Fivefold Surge in Migrants en Route to U.S. Overwhelms Panama
(Bloomberg) -- Panama is struggling to cope with a five-fold increase in migrants who trek for days through its dense southern jungle in the hope of reaching the U.S., according to the country’s top diplomat.
The migrants, from as far away as Senegal and Nigeria, are starting to overwhelm Panama’s shelters as numbers surge, Foreign Minister Erika Mouynes said.
“The migrant situation has gotten a lot worse,” Mouynes said Wednesday, in an interview in New York. “We give them food, we put them in camps where you do biometric testing and Covid testing. That is fine if you have numbers you can manage, but if all of a sudden you have five times that amount it becomes difficult.”
The nation’s migration authority recorded 5,818 undocumented foreigners crossing into Panama from Colombia in April, up 477% from January. The biggest source countries are Haiti and Cuba, but many also travel from as far away as Bangladesh and Uzbekistan, trying to eventually reach the U.S.

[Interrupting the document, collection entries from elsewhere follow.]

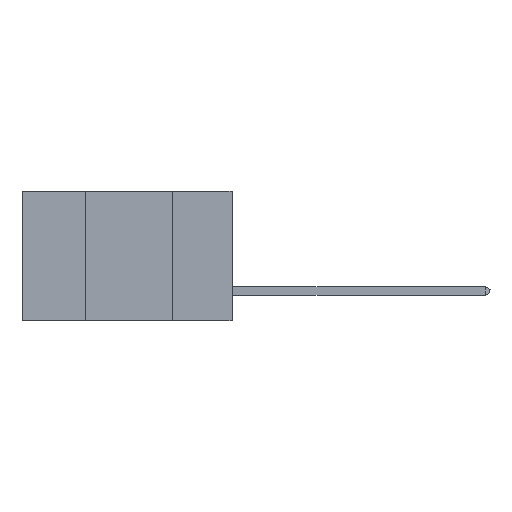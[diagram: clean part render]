
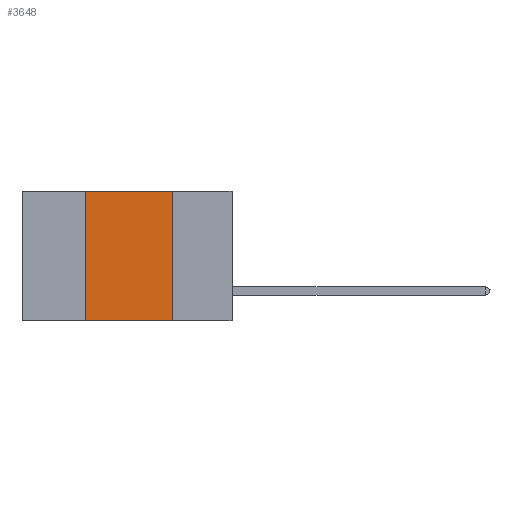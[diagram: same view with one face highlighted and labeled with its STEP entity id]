
A CAD part, left-side view. The second image highlights one B-rep face of the part: STEP entity #3648.
In plain terms, the highlighted planar face has unit normal (-1, 0, 0).
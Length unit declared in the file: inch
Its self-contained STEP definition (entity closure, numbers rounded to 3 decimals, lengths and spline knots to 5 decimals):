
#310 = VERTEX_POINT ( 'NONE', #24728 ) ;
#966 = EDGE_CURVE ( 'NONE', #19328, #310, #19760, .T. ) ;
#1714 = ORIENTED_EDGE ( 'NONE', *, *, #16588, .F. ) ;
#3528 = FACE_OUTER_BOUND ( 'NONE', #12696, .T. ) ;
#3648 = ADVANCED_FACE ( 'NONE', ( #3528 ), #10415, .F. ) ;
#5255 = VECTOR ( 'NONE', #19154, 39.37008 ) ;
#6362 = ORIENTED_EDGE ( 'NONE', *, *, #39967, .T. ) ;
#6491 = AXIS2_PLACEMENT_3D ( 'NONE', #21144, #31871, #42283 ) ;
#9464 = CARTESIAN_POINT ( 'NONE',  ( 0., 0.17, 0. ) ) ;
#10330 = DIRECTION ( 'NONE',  ( 0., 0., 1. ) ) ;
#10415 = PLANE ( 'NONE',  #6491 ) ;
#10938 = VECTOR ( 'NONE', #14633, 39.37008 ) ;
#12696 = EDGE_LOOP ( 'NONE', ( #36431, #19632, #1714, #6362 ) ) ;
#12708 = CARTESIAN_POINT ( 'NONE',  ( 0., 0.17, 0. ) ) ;
#13826 = DIRECTION ( 'NONE',  ( 0., -1., 0. ) ) ;
#14374 = LINE ( 'NONE', #23983, #18085 ) ;
#14633 = DIRECTION ( 'NONE',  ( 0., 0., -1. ) ) ;
#16588 = EDGE_CURVE ( 'NONE', #40798, #25171, #31908, .T. ) ;
#18085 = VECTOR ( 'NONE', #13826, 39.37008 ) ;
#19154 = DIRECTION ( 'NONE',  ( 0., -1., 0. ) ) ;
#19328 = VERTEX_POINT ( 'NONE', #9464 ) ;
#19632 = ORIENTED_EDGE ( 'NONE', *, *, #31754, .F. ) ;
#19760 = LINE ( 'NONE', #12708, #10938 ) ;
#21144 = CARTESIAN_POINT ( 'NONE',  ( 0., 0.6, 0. ) ) ;
#23983 = CARTESIAN_POINT ( 'NONE',  ( 0., 0.6, -0.37 ) ) ;
#24728 = CARTESIAN_POINT ( 'NONE',  ( 0., 0.17, -0.37 ) ) ;
#25171 = VERTEX_POINT ( 'NONE', #36479 ) ;
#25316 = CARTESIAN_POINT ( 'NONE',  ( 0., 0.6, 0. ) ) ;
#28818 = VECTOR ( 'NONE', #10330, 39.37008 ) ;
#29193 = CARTESIAN_POINT ( 'NONE',  ( 0., 0.42, -0.37 ) ) ;
#29634 = CARTESIAN_POINT ( 'NONE',  ( 0., 0.42, 0. ) ) ;
#31754 = EDGE_CURVE ( 'NONE', #25171, #19328, #35269, .T. ) ;
#31871 = DIRECTION ( 'NONE',  ( 1., 0., 0. ) ) ;
#31908 = LINE ( 'NONE', #29634, #28818 ) ;
#35269 = LINE ( 'NONE', #25316, #5255 ) ;
#36431 = ORIENTED_EDGE ( 'NONE', *, *, #966, .F. ) ;
#36479 = CARTESIAN_POINT ( 'NONE',  ( 0., 0.42, 0. ) ) ;
#39967 = EDGE_CURVE ( 'NONE', #40798, #310, #14374, .T. ) ;
#40798 = VERTEX_POINT ( 'NONE', #29193 ) ;
#42283 = DIRECTION ( 'NONE',  ( 0., 0., -1. ) ) ;

The flow of people picked up as travel restrictions eased across the world, after the pandemic increased unemployment and poverty in developing nations. Migrants enter South America in places where visa rules are favorable, then make their way north to Colombia, before crossing into Panama across the dangerous no-man’s land known as the Darien Gap.
Mouynes said she is seeking talks with governments in South America to help control the flow, or at least to vaccinate migrants as they travel.
The problem is easier to fix than the more visible migration flow toward the U.S. from the so-called northern triangle nations of El Salvador, Honduras and Guatemala, Mouynes said.
Latin America has been among the regions worst-hit by the pandemic, both in terms of deaths and in economic damage. Panama has lagged regional peers in its vaccination drive, but Mouynes says the government is targeting a “massive” inoculation program in the third quarter to achieve herd immunity by September.
The government of President Laurentino Cortizo, which took office in 2019, is inoculating elderly and at-risk populations and will begin mass vaccination in July, she said.
Unlike most countries in Latin America, which raced to acquire shots wherever they could, Panama put nearly all its eggs in the basket of Pfizer-BioNTech’s vaccine.
Mouynes met with Pfizer during her trip to New York, and said she received assurances that Panama would get the shots it ordered.
“We want Pfizer to recognize that Panama’s huge bet on Pfizer in terms of not having this hedge with other pharmaceuticals also leaves us at a bit of a risk if they don’t deliver the supply,” Mouynes said. “We are targeting mass vaccination in July. If that doesn’t happen for us we will be in big trouble.”
Vaccines could also play a role in regional foreign policy, Mouynes said. Offering shots to Venezuela could be one way to get President Nicolas Maduro to sit down with the opposition. So far, nothing else that’s been tried has worked, she added.
“The extent of the humanitarian crisis that is going on there is similar to Syria,” she said. “The quicker we recognize that the path we have taken has not been successful, the better, because doing more of what we were doing is not going to make a difference.”